*** Opening Extracted data ***

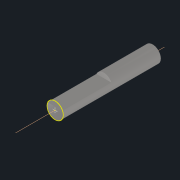
# Autodesk Inventor part: Stepper Motor Axle
Saved by Autodesk Inventor 2021.1 (Build 251245000, 245)
## iProperties
Created: 2020-12-15
Part Number: Stepper Motor Axle
Material: Stainless Steel
Document SubType Name: Modeling
Designer: bestm
Density: 8 g/cm^3
Appearance: Semi-Polished
Author: bestm
Autodesk Inventor part; units mm, degrees
ref_plane "YZ Plane" through (0, 0, 0) normal (1, 0, 0) x (0, 1, 0)
ref_plane "XZ Plane" through (0, 0, 0) normal (0, 1, 0) x (-1, 0, 0)
ref_plane "XY Plane" through (0, 0, 0) normal (0, 0, 1) x (1, 0, 0)
sketch "Sketch1" plane through (0, 0, 0) normal (0, 0, 1) x (1, 0, 0)
  circle A0 centre (0, 0) radius 2.5
  dimension "d0" = 5
  constraints: 1 centre point, 1 coincident
  measures "d0" diameter of A0
extrude "Extrusion1" add sketch "Sketch1" along normal blind 30
sketch "Sketch2" plane through (0, 0, 30) normal (0, 0, 1) x (1, 0, 0)
  line L0 (-2.2913, 1) -> (2.2913, 1)
  circle A0 centre (0, 0) radius 2.5 projected
  dimension "d3" = 1
  constraints: 2 end point, 2 point on circle, 1 horizontal
  measures "d3" distance from line of point (0, 0) L0
extrude "Extrusion2" cut sketch "Sketch2" against normal blind 15 contours A0 L0 picked at (0.534, 1.3064)
body "Solid1"
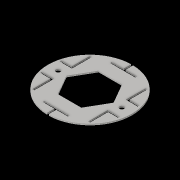
# Autodesk Inventor part: Luxcan centrador lente 38
Saved by Autodesk Inventor 2016 (Build 200138000, 138)
## iProperties
Created: 2018-08-10
Part Number: Luxcan centrador lente 38
Material: Generic
Document SubType Name: Sheet Metal
Designer: jocdurso
Density: 1 g/cm^3
Sheet Metal Rule: Default
Appearance: Default
Author: jocdurso
Autodesk Inventor part; units mm, degrees
ref_plane "YZ Plane" through (0, 0, 0) normal (1, 0, 0) x (0, 1, 0)
ref_plane "XZ Plane" through (0, 0, 0) normal (0, 1, 0) x (-1, 0, 0)
ref_plane "XY Plane" through (0, 0, 0) normal (0, 0, 1) x (1, 0, 0)
sketch "Sketch1" plane through (0, 0, 0) normal (0, 1, 0) x (-1, 0, 0)
  circle A0 centre (0, 0) radius 29
  line L0 (-8.1695, -14.15) -> (-16.339, 0)
  line L1 (-16.339, 0) -> (-8.1695, 14.15)
  line L2 (-8.1695, 14.15) -> (8.1695, 14.15)
  line L3 (8.1695, 14.15) -> (16.339, 0)
  line L4 (16.339, 0) -> (8.1695, -14.15)
  line L5 (8.1695, -14.15) -> (-8.1695, -14.15)
  dimension "d0" = 58
  dimension "d1" = 28.3
  measures "d0" diameter of A0
  measures "d1" distance between parallel lines of L2 L5
extrude "Plate1" add sketch "Sketch1" along normal blind 1
sketch "Sketch2" plane through (0, 0, 0) normal (0, 1, 0) x (-1, 0, 0)
  point P0 (0, 0)
  point P1 (22, 0)
  point P2 (-22, 0)
  dimension "d3" = 22
  dimension "d4" = 22
  constraints: 2 horizontal alignment
  measures "d3" distance of point (0, 0) point (22, 0)
  measures "d4" distance of point (-22, 0) point (0, 0)
hole "Hole1" at (-22, 0, 0) at (22, 0, 0) direction (0, 1, 0) diameter 3.3 end through all
sketch "Sketch3" plane through (0, 1, 0) normal (0, 1, 0) x (1, 0, 0)
  line L0 (0, 0) -> (8.5176, 0)
  line L1 (0, 0) -> (0, 7.5276)
  line L2 (-8.75, 24) -> (8.75, 24)
  line L3 (8.75, 24) -> (8.75, 22.5)
  line L4 (8.75, 22.5) -> (-8.75, 22.5)
  line L5 (-8.75, 22.5) -> (-8.75, 24)
  line L6 (0.75, 42.5) -> (-0.75, 42.5)
  line L7 (-0.75, 42.5) -> (-0.75, 22.5)
  line L8 (-0.75, 22.5) -> (0.75, 22.5)
  line L9 (0.75, 22.5) -> (0.75, 42.5)
  line L10 (-8.75, -24) -> (8.75, -24)
  line L11 (8.75, -24) -> (8.75, -22.5)
  line L12 (8.75, -22.5) -> (-8.75, -22.5)
  line L13 (-8.75, -22.5) -> (-8.75, -24)
  line L14 (0.75, -42.5) -> (-0.75, -42.5)
  line L15 (-0.75, -42.5) -> (-0.75, -22.5)
  line L16 (-0.75, -22.5) -> (0.75, -22.5)
  line L17 (0.75, -22.5) -> (0.75, -42.5)
  line L18 (-27, 7.5) -> (-18.5, 7.5)
  line L19 (-18.5, 7.5) -> (-18.5, 6)
  line L20 (-18.5, 6) -> (-27, 6)
  line L21 (-27, 6) -> (-27, 7.5)
  line L22 (-18.5, 6) -> (-20, 6)
  line L23 (-20, 6) -> (-20, 20)
  line L24 (-20, 20) -> (-18.5, 20)
  line L25 (-18.5, 20) -> (-18.5, 6)
  line L26 (27, 7.5) -> (18.5, 7.5)
  line L27 (18.5, 7.5) -> (18.5, 6)
  line L28 (18.5, 6) -> (27, 6)
  line L29 (27, 6) -> (27, 7.5)
  line L30 (18.5, 6) -> (20, 6)
  line L31 (20, 6) -> (20, 20)
  line L32 (20, 20) -> (18.5, 20)
  line L33 (18.5, 20) -> (18.5, 6)
  line L34 (-27, -7.5) -> (-18.5, -7.5)
  line L35 (-18.5, -7.5) -> (-18.5, -6)
  line L36 (-18.5, -6) -> (-27, -6)
  line L37 (-27, -6) -> (-27, -7.5)
  line L38 (-18.5, -6) -> (-20, -6)
  line L39 (-20, -6) -> (-20, -20)
  line L40 (-20, -20) -> (-18.5, -20)
  line L41 (-18.5, -20) -> (-18.5, -6)
  line L42 (18.5, -20) -> (18.5, -6)
  line L43 (20, -6) -> (20, -20)
  line L44 (20, -20) -> (18.5, -20)
  line L45 (18.5, -7.5) -> (18.5, -6)
  line L46 (18.5, -6) -> (20, -6)
  line L47 (27, -6) -> (27, -7.5)
  line L48 (27, -7.5) -> (18.5, -7.5)
  line L49 (18.5, -6) -> (27, -6)
  point P0 (0, 22.5)
  point P1 (0, -22.5)
  dimension "d12" = 1.5
  dimension "d13" = 1.5
  dimension "d14" = 22.5
  dimension "d15" = 17.5
  dimension "d16" = 20
  dimension "d17" = 1.5
  dimension "d18" = 1.5
  dimension "d19" = 8.5
  dimension "d20" = 14
  dimension "d21" = 6
  dimension "d22" = 18.5
  constraints: 100 end point, 30 symmetric about line, 8 parallel, 5 horizontal, 4 perpendicular, 2 midpoint, 1 vertical, 1 vertical alignment
  measures "d12" distance of L6.start L6.end
  measures "d13" distance of L2.end L3.end
  measures "d14" distance between parallel lines of L0 L4
  measures "d15" distance of L3.end L4.end
  measures "d16" distance of L8.end L6.start
  measures "d17" distance of L20.end L18.start
  measures "d18" distance of L23.end L24.end
  measures "d19" distance between parallel lines of L25 L21
  measures "d20" distance between parallel lines of L24 L20
  measures "d21" distance from line of L0.start L20
  measures "d22" distance from line of point (0, 22.5) L25
extrude "Cut1" cut sketch "Sketch3" against normal blind 1
equation "\"d10\" = Thickness"
equation "\"d23\" = Thickness"
equation "\"BendRadius\" = Thickness"
equation "\"BendReliefWidth\" = Thickness"
equation "\"BendReliefDepth\" = 0.5 * Thickness"
equation "\"CornerReliefSize\" = 4 * Thickness"
equation "\"MinimumRemnant\" = 2 * Thickness"
equation "\"TransitionRadius\" = BendRadius"
equation "\"JacobiRadiusSize\" = BendRadius"
equation "\"GapSize\" = Thickness"
equation "\"d2\" = BendRadius"
equation "\"Thickness\" = 1"
body "Solid1"

*** Closing Extracted data ***

-- Your assignment --
Start with the line above that contains "constraints: 100 end" and end with the line that contains "of L23.end L24.end". Write out those lines exactly, and only those.

-- Output of the task --
  constraints: 100 end point, 30 symmetric about line, 8 parallel, 5 horizontal, 4 perpendicular, 2 midpoint, 1 vertical, 1 vertical alignment
  measures "d12" distance of L6.start L6.end
  measures "d13" distance of L2.end L3.end
  measures "d14" distance between parallel lines of L0 L4
  measures "d15" distance of L3.end L4.end
  measures "d16" distance of L8.end L6.start
  measures "d17" distance of L20.end L18.start
  measures "d18" distance of L23.end L24.end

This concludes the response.